# Westernport overnight trip



## kingfisher111 (Jun 13, 2006)

Decided to head off for an overnight fish for Gummy sharks Friday lunchtime. Weather forcast was good, full moon was Wednesday, and a low tide at 8.45pm was perfect.
Ever notice how when you pack for an overnight trip, the amount of gear you need to take is also enough for a week! The plan was to head out from Jam Jerrop at 12.00pm, ferry all camping gear and surf rods to Sandy Pt French Island, drop it all off and then head off further down the bay for a fish. Managed to squeeze all and sundry into the Hobie and headed off. I knew Friday was going to be a bit of a tough paddle all afternoon as the tide was against me all day. The usual 35minute trip to Sandy Pt took just over 1 hr. After dropping the gear in the bushes the next leg down the bay was another 3.5 km slog into the rising tide. Got anchored in a promising spot an hour before the tide change and over the next 3 hours managed 1 gummy of 600mm and a large ray that took 30 mins to get to the kayak. 
You guessed it the trip back to Sandy Pt was into the now falling tide.Sunset over French Island was well worth all the effort.
After carting Hobart high and dry above the tide it was time to pitch camp gather firewood rig surf rods and cook a meal. Got fishing from the point by 7.00pm for an 8.45 low tide. The reason for the lowtide was to be able to access a nice deep channel from the shore.
Fished for 4 hours and managed 2 more Gummies, another in the 600mm range and 1 just on 1 metre. Decided to keep the metre one. Also managed to snag another large ray so in all was very pleased for my effort.
Up at 6.30 Sat morning to have breakfast and break camp before heading off back down towards Corinella for another session on the sharks. Managed 1 small school shark before heading back to the Island to repack for the trip home.
After heading off pushed a few kms up the Island towards home and fished for an hour or so in a fishy looking spot before finally turning back towards Jam Jerrop and ending a very enjoyable trip. Trip tally was 4 sharks, 3 returned to grow some more and 2 large rays, both returned. Steve.


----------



## Cid (Nov 14, 2005)

Great report Steve, and so true...an overnighter needs almost as much gear as a month long trip. Great photo of that sunset, too.

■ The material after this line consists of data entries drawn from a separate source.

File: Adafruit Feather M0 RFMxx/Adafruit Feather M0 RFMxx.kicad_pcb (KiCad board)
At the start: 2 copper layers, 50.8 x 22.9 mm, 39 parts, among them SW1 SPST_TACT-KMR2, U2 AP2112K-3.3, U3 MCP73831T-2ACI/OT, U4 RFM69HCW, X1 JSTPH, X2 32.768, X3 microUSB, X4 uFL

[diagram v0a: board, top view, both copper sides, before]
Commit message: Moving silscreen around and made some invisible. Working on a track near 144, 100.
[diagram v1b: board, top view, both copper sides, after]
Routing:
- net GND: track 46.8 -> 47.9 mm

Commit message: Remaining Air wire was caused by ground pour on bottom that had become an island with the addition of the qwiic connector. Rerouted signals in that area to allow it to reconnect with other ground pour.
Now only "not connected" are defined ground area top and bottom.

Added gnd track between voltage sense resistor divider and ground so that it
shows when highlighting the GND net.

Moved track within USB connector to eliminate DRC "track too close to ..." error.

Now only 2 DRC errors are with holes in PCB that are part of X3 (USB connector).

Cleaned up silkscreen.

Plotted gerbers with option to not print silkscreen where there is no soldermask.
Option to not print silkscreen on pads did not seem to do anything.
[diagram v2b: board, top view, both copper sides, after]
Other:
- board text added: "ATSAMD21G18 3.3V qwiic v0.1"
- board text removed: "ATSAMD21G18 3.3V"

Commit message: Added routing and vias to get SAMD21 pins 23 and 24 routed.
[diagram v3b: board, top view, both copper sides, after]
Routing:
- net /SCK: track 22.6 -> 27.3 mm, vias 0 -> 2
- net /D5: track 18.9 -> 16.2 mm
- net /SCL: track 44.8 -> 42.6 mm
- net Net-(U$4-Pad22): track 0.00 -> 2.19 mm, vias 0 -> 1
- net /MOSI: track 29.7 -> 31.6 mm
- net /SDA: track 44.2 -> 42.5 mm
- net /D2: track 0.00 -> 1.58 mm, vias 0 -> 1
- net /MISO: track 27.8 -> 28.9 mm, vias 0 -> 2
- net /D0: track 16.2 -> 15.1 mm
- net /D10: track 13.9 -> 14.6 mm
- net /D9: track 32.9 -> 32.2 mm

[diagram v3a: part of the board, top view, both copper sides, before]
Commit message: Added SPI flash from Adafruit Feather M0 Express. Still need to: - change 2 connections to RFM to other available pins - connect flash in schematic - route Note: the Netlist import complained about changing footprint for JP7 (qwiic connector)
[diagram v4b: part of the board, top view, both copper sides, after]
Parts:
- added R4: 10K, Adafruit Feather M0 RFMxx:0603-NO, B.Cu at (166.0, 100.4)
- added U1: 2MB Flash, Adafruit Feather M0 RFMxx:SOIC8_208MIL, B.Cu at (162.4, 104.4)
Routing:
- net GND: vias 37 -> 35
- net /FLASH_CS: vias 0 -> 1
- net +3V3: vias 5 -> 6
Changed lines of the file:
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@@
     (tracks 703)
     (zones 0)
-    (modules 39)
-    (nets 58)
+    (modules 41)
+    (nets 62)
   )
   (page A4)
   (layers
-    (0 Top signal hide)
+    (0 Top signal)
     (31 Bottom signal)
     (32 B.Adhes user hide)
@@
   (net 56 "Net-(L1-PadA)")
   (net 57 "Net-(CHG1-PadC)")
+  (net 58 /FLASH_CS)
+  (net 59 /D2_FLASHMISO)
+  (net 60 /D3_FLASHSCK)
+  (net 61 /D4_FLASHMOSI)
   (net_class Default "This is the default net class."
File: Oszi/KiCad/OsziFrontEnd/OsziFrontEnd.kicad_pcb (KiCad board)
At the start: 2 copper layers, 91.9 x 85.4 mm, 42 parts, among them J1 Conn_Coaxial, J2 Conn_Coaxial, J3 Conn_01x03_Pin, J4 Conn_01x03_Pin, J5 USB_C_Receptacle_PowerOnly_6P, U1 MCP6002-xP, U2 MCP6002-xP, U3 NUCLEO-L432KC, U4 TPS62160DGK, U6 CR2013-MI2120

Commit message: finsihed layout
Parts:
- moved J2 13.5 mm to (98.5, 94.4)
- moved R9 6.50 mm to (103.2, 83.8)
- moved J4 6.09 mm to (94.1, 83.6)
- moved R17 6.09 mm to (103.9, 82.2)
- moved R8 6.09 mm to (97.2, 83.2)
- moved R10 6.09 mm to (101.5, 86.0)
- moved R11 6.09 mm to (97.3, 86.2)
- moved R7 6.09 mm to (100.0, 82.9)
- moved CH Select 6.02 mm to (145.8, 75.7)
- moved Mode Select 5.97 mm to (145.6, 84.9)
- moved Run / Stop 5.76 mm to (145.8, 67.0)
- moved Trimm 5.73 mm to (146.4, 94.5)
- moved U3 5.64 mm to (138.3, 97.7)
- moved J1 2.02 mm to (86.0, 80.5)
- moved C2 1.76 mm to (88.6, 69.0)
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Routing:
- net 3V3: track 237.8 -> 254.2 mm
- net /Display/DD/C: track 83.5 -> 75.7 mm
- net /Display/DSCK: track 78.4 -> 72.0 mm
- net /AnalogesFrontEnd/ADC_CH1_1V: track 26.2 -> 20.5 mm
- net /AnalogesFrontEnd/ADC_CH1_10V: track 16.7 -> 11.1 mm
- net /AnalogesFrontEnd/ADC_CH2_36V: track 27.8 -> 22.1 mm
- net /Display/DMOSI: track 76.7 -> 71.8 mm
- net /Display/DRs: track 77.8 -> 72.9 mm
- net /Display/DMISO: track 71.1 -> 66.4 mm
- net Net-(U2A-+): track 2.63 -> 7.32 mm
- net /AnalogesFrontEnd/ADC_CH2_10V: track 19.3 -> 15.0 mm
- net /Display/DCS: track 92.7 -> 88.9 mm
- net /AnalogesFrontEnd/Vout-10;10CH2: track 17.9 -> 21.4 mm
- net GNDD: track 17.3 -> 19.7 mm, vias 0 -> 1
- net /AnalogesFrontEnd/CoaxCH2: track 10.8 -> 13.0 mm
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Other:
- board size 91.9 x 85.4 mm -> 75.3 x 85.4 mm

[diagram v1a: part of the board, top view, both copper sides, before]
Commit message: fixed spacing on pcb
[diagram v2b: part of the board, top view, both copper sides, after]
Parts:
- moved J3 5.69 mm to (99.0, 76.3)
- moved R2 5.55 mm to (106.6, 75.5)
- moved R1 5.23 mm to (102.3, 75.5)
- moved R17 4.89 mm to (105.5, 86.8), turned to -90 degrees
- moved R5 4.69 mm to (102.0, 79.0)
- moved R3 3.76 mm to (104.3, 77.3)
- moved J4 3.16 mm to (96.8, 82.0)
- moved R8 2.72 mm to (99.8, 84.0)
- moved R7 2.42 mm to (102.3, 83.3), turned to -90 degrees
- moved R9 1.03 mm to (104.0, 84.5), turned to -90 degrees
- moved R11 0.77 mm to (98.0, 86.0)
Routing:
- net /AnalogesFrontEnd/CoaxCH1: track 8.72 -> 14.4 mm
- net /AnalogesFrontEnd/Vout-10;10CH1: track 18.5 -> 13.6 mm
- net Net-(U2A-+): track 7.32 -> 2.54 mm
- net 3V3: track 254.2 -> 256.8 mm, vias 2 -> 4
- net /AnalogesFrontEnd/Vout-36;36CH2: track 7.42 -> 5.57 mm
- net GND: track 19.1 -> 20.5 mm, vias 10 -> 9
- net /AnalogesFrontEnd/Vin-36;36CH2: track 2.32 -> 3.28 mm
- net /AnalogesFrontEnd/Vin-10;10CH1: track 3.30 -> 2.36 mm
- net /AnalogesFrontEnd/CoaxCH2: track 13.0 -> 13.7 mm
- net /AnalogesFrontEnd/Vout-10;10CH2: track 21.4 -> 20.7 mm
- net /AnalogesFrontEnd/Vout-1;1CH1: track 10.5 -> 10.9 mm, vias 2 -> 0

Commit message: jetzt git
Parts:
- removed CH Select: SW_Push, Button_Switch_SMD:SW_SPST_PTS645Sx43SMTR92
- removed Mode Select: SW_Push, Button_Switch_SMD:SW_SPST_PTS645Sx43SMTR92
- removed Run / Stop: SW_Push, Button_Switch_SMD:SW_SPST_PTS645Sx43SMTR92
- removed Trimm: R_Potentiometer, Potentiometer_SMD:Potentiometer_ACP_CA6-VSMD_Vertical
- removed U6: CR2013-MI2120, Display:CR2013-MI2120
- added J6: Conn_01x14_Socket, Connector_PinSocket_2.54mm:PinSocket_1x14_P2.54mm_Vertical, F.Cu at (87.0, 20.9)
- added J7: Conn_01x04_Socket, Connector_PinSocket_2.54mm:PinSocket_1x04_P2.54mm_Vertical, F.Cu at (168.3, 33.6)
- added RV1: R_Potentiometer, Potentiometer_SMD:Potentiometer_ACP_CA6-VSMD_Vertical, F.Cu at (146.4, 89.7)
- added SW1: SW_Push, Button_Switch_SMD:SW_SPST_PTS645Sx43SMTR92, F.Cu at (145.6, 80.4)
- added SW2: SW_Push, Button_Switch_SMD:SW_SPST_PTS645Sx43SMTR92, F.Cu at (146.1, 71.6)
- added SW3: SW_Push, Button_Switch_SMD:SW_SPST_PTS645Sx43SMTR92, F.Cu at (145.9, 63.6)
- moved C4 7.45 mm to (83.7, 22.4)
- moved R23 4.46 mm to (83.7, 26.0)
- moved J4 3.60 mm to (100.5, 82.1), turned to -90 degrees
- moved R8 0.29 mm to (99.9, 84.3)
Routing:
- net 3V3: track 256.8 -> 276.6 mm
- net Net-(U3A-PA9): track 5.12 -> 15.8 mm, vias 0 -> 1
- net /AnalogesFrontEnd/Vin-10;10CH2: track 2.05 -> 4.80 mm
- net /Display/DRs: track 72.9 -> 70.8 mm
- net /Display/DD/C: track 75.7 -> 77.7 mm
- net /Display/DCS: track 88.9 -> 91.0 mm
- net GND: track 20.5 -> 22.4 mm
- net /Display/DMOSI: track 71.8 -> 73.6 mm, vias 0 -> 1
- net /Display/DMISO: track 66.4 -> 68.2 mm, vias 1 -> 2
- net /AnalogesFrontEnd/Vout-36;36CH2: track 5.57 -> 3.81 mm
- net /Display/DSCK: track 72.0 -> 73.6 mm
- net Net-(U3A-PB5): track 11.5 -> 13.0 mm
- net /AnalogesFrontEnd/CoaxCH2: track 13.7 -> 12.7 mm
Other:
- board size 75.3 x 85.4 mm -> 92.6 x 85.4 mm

I've never caught a Gummy. What do they fight like?

cheers,
Cid


----------



## PoddyMullet (Aug 29, 2005)

Top notch effort Steve, the gummies are coming thick and fast for ya  Bloody beautiful pic of French as well. Last Friday night was a hoot of a night to be outdoors (we had a fire going in the backyard to sit by too), to spend it fishing for gummies with Hobie by the side would have been good for the soul. How'd the waterline of the Hobie fare with the extra gear :?:


----------



## Shoey (Aug 30, 2005)

Great report Steve. I really miss fishing Western Port and love reading your reports and seeing some photo's.


----------



## Peril (Sep 5, 2005)

Great report Steve. Trips like that are good for the soul, even without fish


----------



## Squidder (Sep 2, 2005)

Great stuff Steve, you've already got me thinking about a similar trip


----------



## Blaen (Jul 4, 2006)

Nice one Steve, Grats on the Gummies.

It's incredilble how much you can squeeze in to the Hobie, though she looks like she should be up in orbit :lol:


----------



## Kevin (Aug 29, 2005)

Steve,

You said that you were going to do this trip and you did it in fine style. Now that I'm back for a good while I'm also interested in a similar trip although I would probably not be able to join you for so much of the days either side.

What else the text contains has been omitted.